Open sourcing our red team harness
We built Chainbreaker because manual red teaming is slow, inconsistent, and does not scale. A skilled red teamer can test maybe 20 attack patterns against an agent in an hour. Chainbreaker can run 500 structured attack campaigns in the same time with consistent methodology and complete logging.
Chainbreaker is an automated red team harness. You give it an agent configuration and a set of attack templates. It generates multi-turn adversarial conversations, executes them against the agent, evaluates the results, and produces a structured report. Every interaction is logged with full conversation history, tool calls, and behavioral observations.
The attack templates are organized around the 15 ASB Benchmark dimensions. Each template targets a specific safety property with a specific escalation strategy. Some are single-turn direct attacks. Others are 15-turn gradual escalation sequences. The template format is declarative: you specify the attack goal, the escalation steps, and the success criteria. Chainbreaker handles the execution.
We designed the harness to be model-agnostic. It works with any agent that accepts text input and produces text output. We have tested it against agents built on OpenAI, Anthropic, Google, and open-source models. The agent interface is a simple adapter pattern. If your agent has an API, you can write an adapter in about 20 lines of code.
The report format includes per-campaign results (pass/fail with full transcripts), aggregate statistics (compliance rates by dimension), and a comparison mode that shows how scores change across agent configurations. The comparison mode is useful for A/B testing system prompt changes. Edit the system prompt, run the same campaign set, and see exactly which safety properties improved or degraded.

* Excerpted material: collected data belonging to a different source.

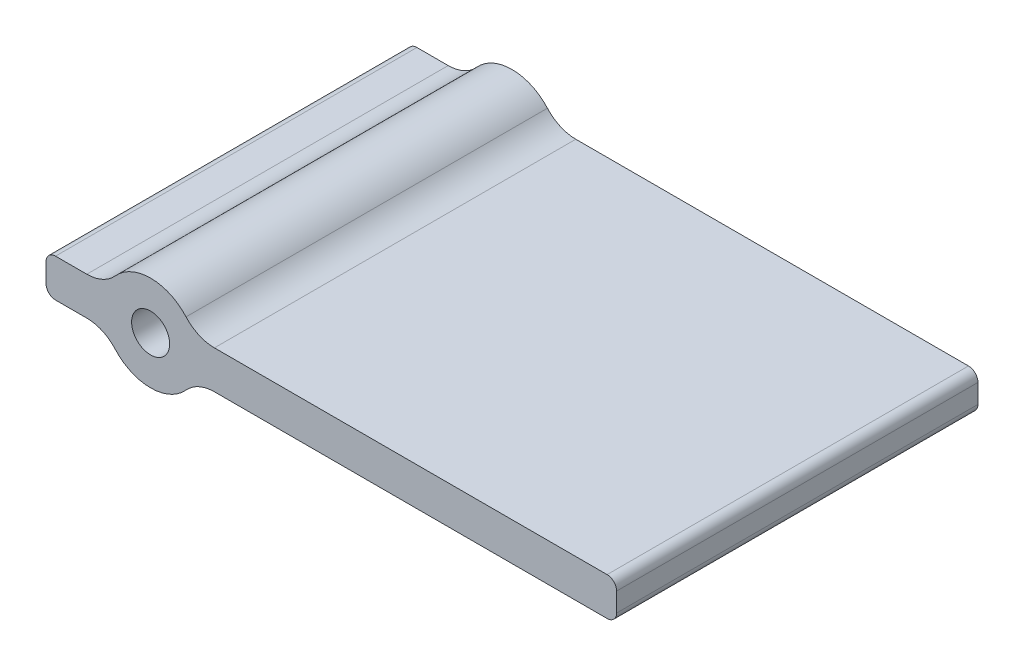
from build123d import *

# Parameters (mm, degrees)
BOSS_EXTRUDE1_DEPTH      = 9.5
BOSS_EXTRUDE1_DEPTH_BACK = 9.5
SKETCH1_R                = 1


with BuildPart() as part:
    # Sketch1 → Boss-Extrude1 (new, two sides: drawn at the far end of the back side and taken through both)
    with BuildSketch(Plane.XY.offset(-BOSS_EXTRUDE1_DEPTH_BACK)):
        with BuildLine():
            Line((-948.662974387, 303.387338025), (-947.017076353, 303.387338025))
            ThreePointArc((-947.017076353, 303.387338025), (-946.200579773, 303.213079884), (-945.526364368, 302.720671359))
            ThreePointArc((-945.526364368, 302.720671359), (-943.662974387, 301.887338025), (-941.799584406, 302.720671359))
            ThreePointArc((-941.799584406, 302.720671359), (-941.125369002, 303.213079884), (-940.308872421, 303.387338025))
            Line((-940.308872421, 303.387338025), (-919.662974387, 303.387338025))
            ThreePointArc((-919.662974387, 303.387338025), (-919.309420997, 303.533784635), (-919.162974387, 303.887338025))
            Line((-919.162974387, 303.887338025), (-919.162974387, 304.887338025))
            ThreePointArc((-919.162974387, 304.887338025), (-919.309420997, 305.240891416), (-919.662974387, 305.387338025))
            Line((-919.662974387, 305.387338025), (-940.308872421, 305.387338025))
            ThreePointArc((-940.308872421, 305.387338025), (-941.125369002, 305.561596167), (-941.799584406, 306.054004692))
            ThreePointArc((-941.799584406, 306.054004692), (-943.662974387, 306.887338025), (-945.526364368, 306.054004692))
            ThreePointArc((-945.526364368, 306.054004692), (-946.200579773, 305.561596167), (-947.017076353, 305.387338025))
            Line((-947.017076353, 305.387338025), (-948.662974387, 305.387338025))
            ThreePointArc((-948.662974387, 305.387338025), (-949.016527778, 305.240891416), (-949.162974387, 304.887338025))
            Line((-949.162974387, 304.887338025), (-949.162974387, 303.887338025))
            ThreePointArc((-949.162974387, 303.887338025), (-949.016527778, 303.533784635), (-948.662974387, 303.387338025))
        make_face()
        with Locations((-943.662974387, 304.387338025)):
            Circle(SKETCH1_R, mode=Mode.SUBTRACT)
    extrude(amount=BOSS_EXTRUDE1_DEPTH + BOSS_EXTRUDE1_DEPTH_BACK)


solid = part.part
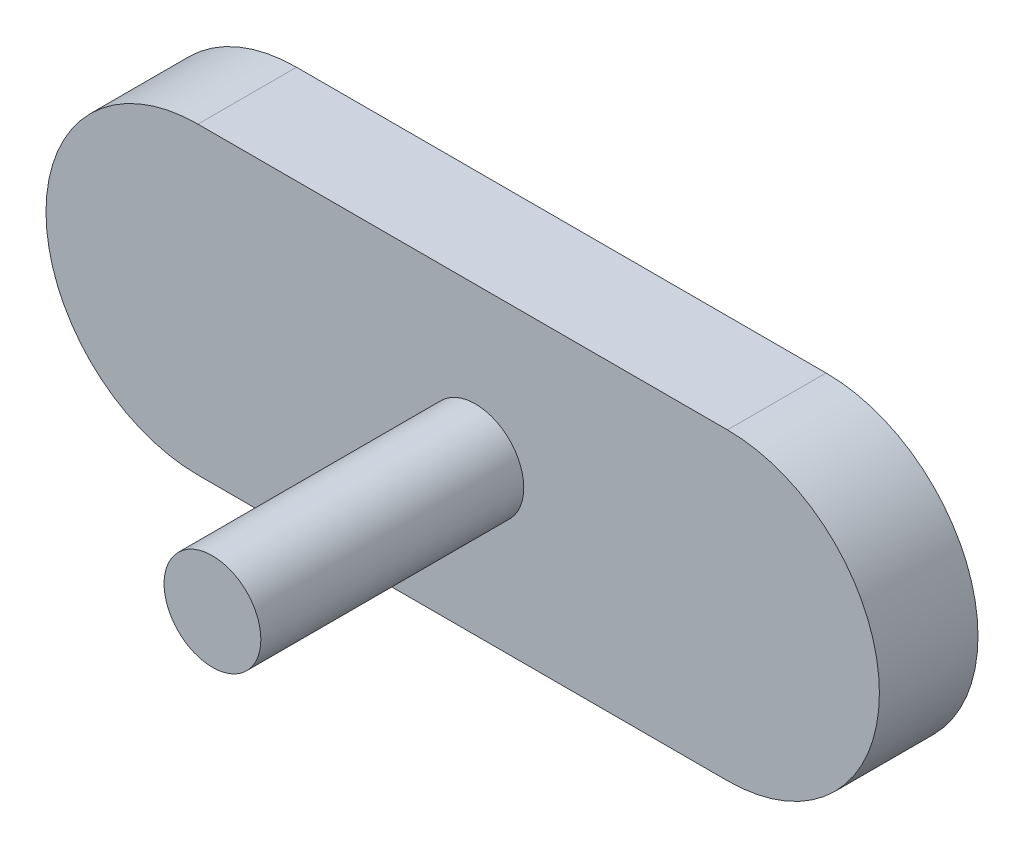
from build123d import *

# Parameters (mm, degrees)
EXTRUDE_1_DEPTH = 3
SKETCH_2_R      = 1.472329888
EXTRUDE_2_DEPTH = 8


with BuildPart() as part:
    # 草图1 → 凸台-拉伸1 (new body)
    with BuildSketch(Plane.XY):
        with BuildLine():
            Line((-8.441718654, 4.62364067), (7.670804568, 4.62364067))
            ThreePointArc((7.670804568, 4.62364067), (12.294445238, 0), (7.670804568, -4.62364067))
            Line((7.670804568, -4.62364067), (-8.441718654, -4.62364067))
            ThreePointArc((-8.441718654, -4.62364067), (-13.065359324, 0), (-8.441718654, 4.62364067))
        make_face()
    extrude(amount=EXTRUDE_1_DEPTH)

    # 草图2 → 凸台-拉伸2 (add)
    with BuildSketch(Plane.XY.offset(3)):
        Circle(SKETCH_2_R)
    extrude(amount=EXTRUDE_2_DEPTH)


solid = part.part
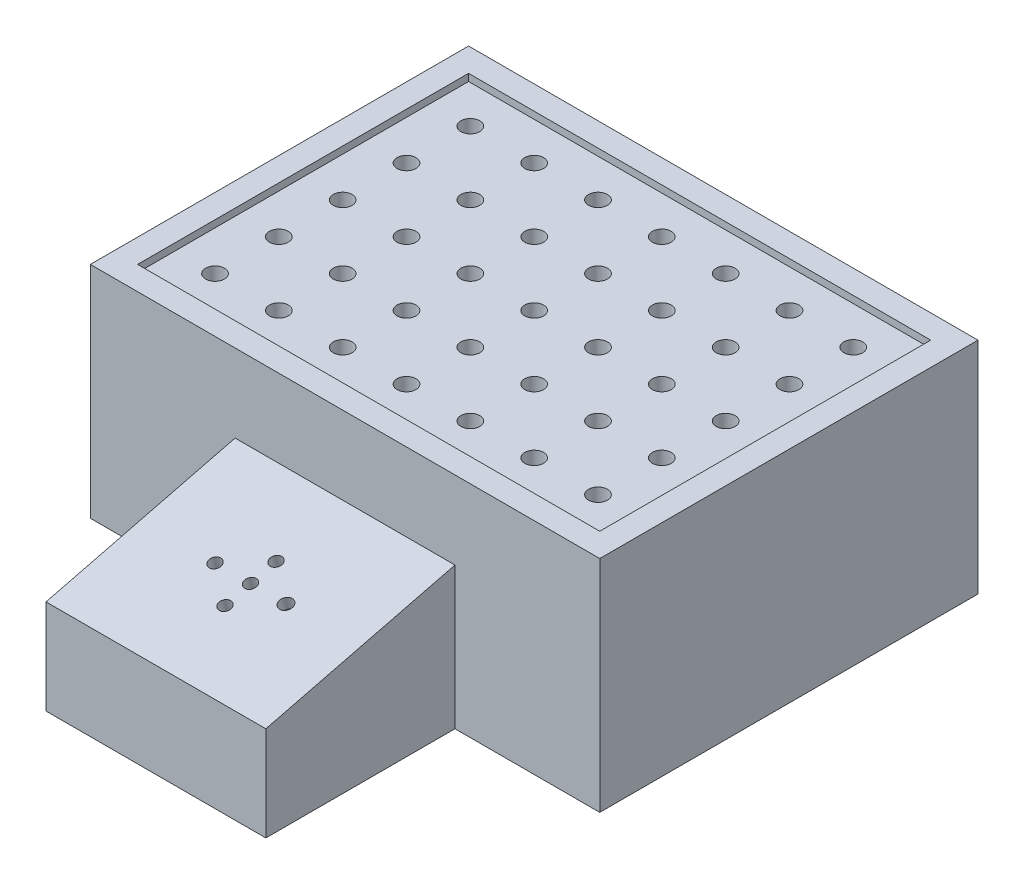
from build123d import *

# Parameters (mm, degrees)
ESBO_O1_W                = 215.5
ESBO_O1_H                = 160
RESSALTO_EXTRUS_O1_DEPTH = 90
ESBO_O2_W                = 93
ESBO_O2_H                = 60
RESSALTO_EXTRUS_O2_DEPTH = 80
CORTE_EXTRUS_O1_REACH    = 241.777
ESBO_O4_R                = 2.5
ESBO_O4_R_2              = 2.72809557
CORTE_EXTRUS_O2_DEPTH    = 5
ESBO_O5_W                = 215.5
ESBO_O5_H                = 160
ESBO_O5_W_2              = 195.5
ESBO_O5_H_2              = 140
RESSALTO_EXTRUS_O3_DEPTH = 3
ESBO_O6_R                = 4
CORTE_EXTRUS_O3_DEPTH    = 10


with BuildPart() as part:
    # Esboço1 → Ressalto-extrusão1 (new body)
    with BuildSketch(Plane(origin=(0, 0, 0), x_dir=(1, 0, 0), z_dir=(0, 1, 0))):
        Rectangle(ESBO_O1_W, ESBO_O1_H)
    extrude(amount=RESSALTO_EXTRUS_O1_DEPTH)

    # Esboço2 → Ressalto-extrusão2 (add)
    with BuildSketch(Plane.XY.offset(80)):
        with Locations((0, 30)):
            Rectangle(ESBO_O2_W, ESBO_O2_H)
    extrude(amount=RESSALTO_EXTRUS_O2_DEPTH)

    # Esboço3 → Corte-extrusão1 (cut, up to next)
    with BuildSketch(Plane.ZY.offset(46.5), mode=Mode.PRIVATE) as corte_extrus_o1_sk1:
        Polygon((160, 60), (160, 40), (80, 60), align=None)
    corte_extrus_o1_tool1 = extrude(corte_extrus_o1_sk1.sketch, amount=-CORTE_EXTRUS_O1_REACH, mode=Mode.PRIVATE) & part.part
    add(corte_extrus_o1_tool1.solids().sort_by_distance((-46.5, 53.333333, 133.333333))[0], mode=Mode.SUBTRACT)

    # Esboço4 → Corte-extrusão2 (cut)
    with BuildSketch(Plane(origin=(0, 75.294117647, 18.823529412), x_dir=(1, 0, 0), z_dir=(0, 0.9701425001453319, 0.24253562503633308))):
        with Locations(Location((0, -115.409748765, 0), (0, 0, 270))):
            Circle(ESBO_O4_R)
        with Locations(Location((-15, -104.290318766, 0), (0, 0, 270))):
            Circle(ESBO_O4_R)
        with Locations(Location((0, -93.170888766, 0), (0, 0, 270))):
            Circle(ESBO_O4_R)
        with Locations(Location((0, -104.290318766, 0), (0, 0, 270))):
            Circle(ESBO_O4_R)
        with Locations(Location((15, -104.290318766, 0), (0, 0, 270))):
            Circle(ESBO_O4_R_2)
    extrude(amount=-CORTE_EXTRUS_O2_DEPTH, mode=Mode.SUBTRACT)

    # Esboço5 → Ressalto-extrusão3 (add)
    with BuildSketch(Plane(origin=(0, 90, 0), x_dir=(1, 0, 0), z_dir=(0, 1, 0))):
        Rectangle(ESBO_O5_W, ESBO_O5_H)
        Rectangle(ESBO_O5_W_2, ESBO_O5_H_2, mode=Mode.SUBTRACT)
    extrude(amount=RESSALTO_EXTRUS_O3_DEPTH)

    # Esboço6 → Corte-extrusão3 (cut)
    with BuildSketch(Plane(origin=(0, 90, 0), x_dir=(1, 0, 0), z_dir=(0, 1, 0))):
        with Locations(Location((-81, 54, 0), (0, 0, 270))):
            Circle(ESBO_O6_R)
        with Locations(Location((-54, 54, 0), (0, 0, 270))):
            Circle(ESBO_O6_R)
        with Locations(Location((-27, 54, 0), (0, 0, 270))):
            Circle(ESBO_O6_R)
        with Locations(Location((0, 54, 0), (0, 0, 270))):
            Circle(ESBO_O6_R)
        with Locations(Location((27, 54, 0), (0, 0, 270))):
            Circle(ESBO_O6_R)
        with Locations(Location((54, 54, 0), (0, 0, 270))):
            Circle(ESBO_O6_R)
        with Locations(Location((81, 54, 0), (0, 0, 270))):
            Circle(ESBO_O6_R)
        with Locations(Location((81, 27, 0), (0, 0, 270))):
            Circle(ESBO_O6_R)
        with Locations(Location((54, 27, 0), (0, 0, 270))):
            Circle(ESBO_O6_R)
        with Locations(Location((27, 27, 0), (0, 0, 270))):
            Circle(ESBO_O6_R)
        with Locations(Location((0, 27, 0), (0, 0, 270))):
            Circle(ESBO_O6_R)
        with Locations(Location((-27, 27, 0), (0, 0, 270))):
            Circle(ESBO_O6_R)
        with Locations(Location((-54, 27, 0), (0, 0, 270))):
            Circle(ESBO_O6_R)
        with Locations(Location((-81, 27, 0), (0, 0, 270))):
            Circle(ESBO_O6_R)
        with Locations(Location((-81, 0, 0), (0, 0, 270))):
            Circle(ESBO_O6_R)
        with Locations(Location((-54, 0, 0), (0, 0, 270))):
            Circle(ESBO_O6_R)
        with Locations(Location((-27, 0, 0), (0, 0, 270))):
            Circle(ESBO_O6_R)
        with Locations(Location((0, 0, 0), (0, 0, 270))):
            Circle(ESBO_O6_R)
        with Locations(Location((27, 0, 0), (0, 0, 270))):
            Circle(ESBO_O6_R)
        with Locations(Location((54, 0, 0), (0, 0, 270))):
            Circle(ESBO_O6_R)
        with Locations(Location((81, 0, 0), (0, 0, 270))):
            Circle(ESBO_O6_R)
        with Locations(Location((81, -27, 0), (0, 0, 270))):
            Circle(ESBO_O6_R)
        with Locations(Location((54, -27, 0), (0, 0, 270))):
            Circle(ESBO_O6_R)
        with Locations(Location((27, -27, 0), (0, 0, 270))):
            Circle(ESBO_O6_R)
        with Locations(Location((0, -27, 0), (0, 0, 270))):
            Circle(ESBO_O6_R)
        with Locations(Location((-27, -27, 0), (0, 0, 270))):
            Circle(ESBO_O6_R)
        with Locations(Location((-54, -27, 0), (0, 0, 270))):
            Circle(ESBO_O6_R)
        with Locations(Location((-81, -27, 0), (0, 0, 270))):
            Circle(ESBO_O6_R)
        with Locations(Location((-81, -54, 0), (0, 0, 270))):
            Circle(ESBO_O6_R)
        with Locations(Location((-54, -54, 0), (0, 0, 270))):
            Circle(ESBO_O6_R)
        with Locations(Location((-27, -54, 0), (0, 0, 270))):
            Circle(ESBO_O6_R)
        with Locations(Location((0, -54, 0), (0, 0, 270))):
            Circle(ESBO_O6_R)
        with Locations(Location((27, -54, 0), (0, 0, 270))):
            Circle(ESBO_O6_R)
        with Locations(Location((54, -54, 0), (0, 0, 270))):
            Circle(ESBO_O6_R)
        with Locations(Location((81, -54, 0), (0, 0, 270))):
            Circle(ESBO_O6_R)
    extrude(amount=-CORTE_EXTRUS_O3_DEPTH, mode=Mode.SUBTRACT)


solid = part.part

One design decision we debated: should Chainbreaker include the actual attack payloads, or just the templates? We decided to include both. The payloads are drawn from AI SecLists and our own research. Withholding them would not prevent attacks since the payloads are already public. Including them makes the tool immediately useful without requiring users to source their own payloads.
Chainbreaker is not a replacement for human red teaming. It does not discover novel attack patterns. It executes known patterns systematically. The value is in coverage and consistency. A human red teamer brings creativity and intuition. Chainbreaker brings exhaustive testing of the known attack surface. You need both.
We run Chainbreaker as part of our standard evaluation pipeline. Every model that gets an ASB Benchmark score has also been through a full Chainbreaker campaign. The two tools measure different things. The benchmark measures behavioral properties. Chainbreaker measures adversarial robustness. A model can score well on the benchmark and poorly on Chainbreaker, or the reverse. Both matter.
The repository is MIT licensed and includes documentation, example configurations, and a quickstart guide. It runs locally. Your agent interactions never leave your infrastructure.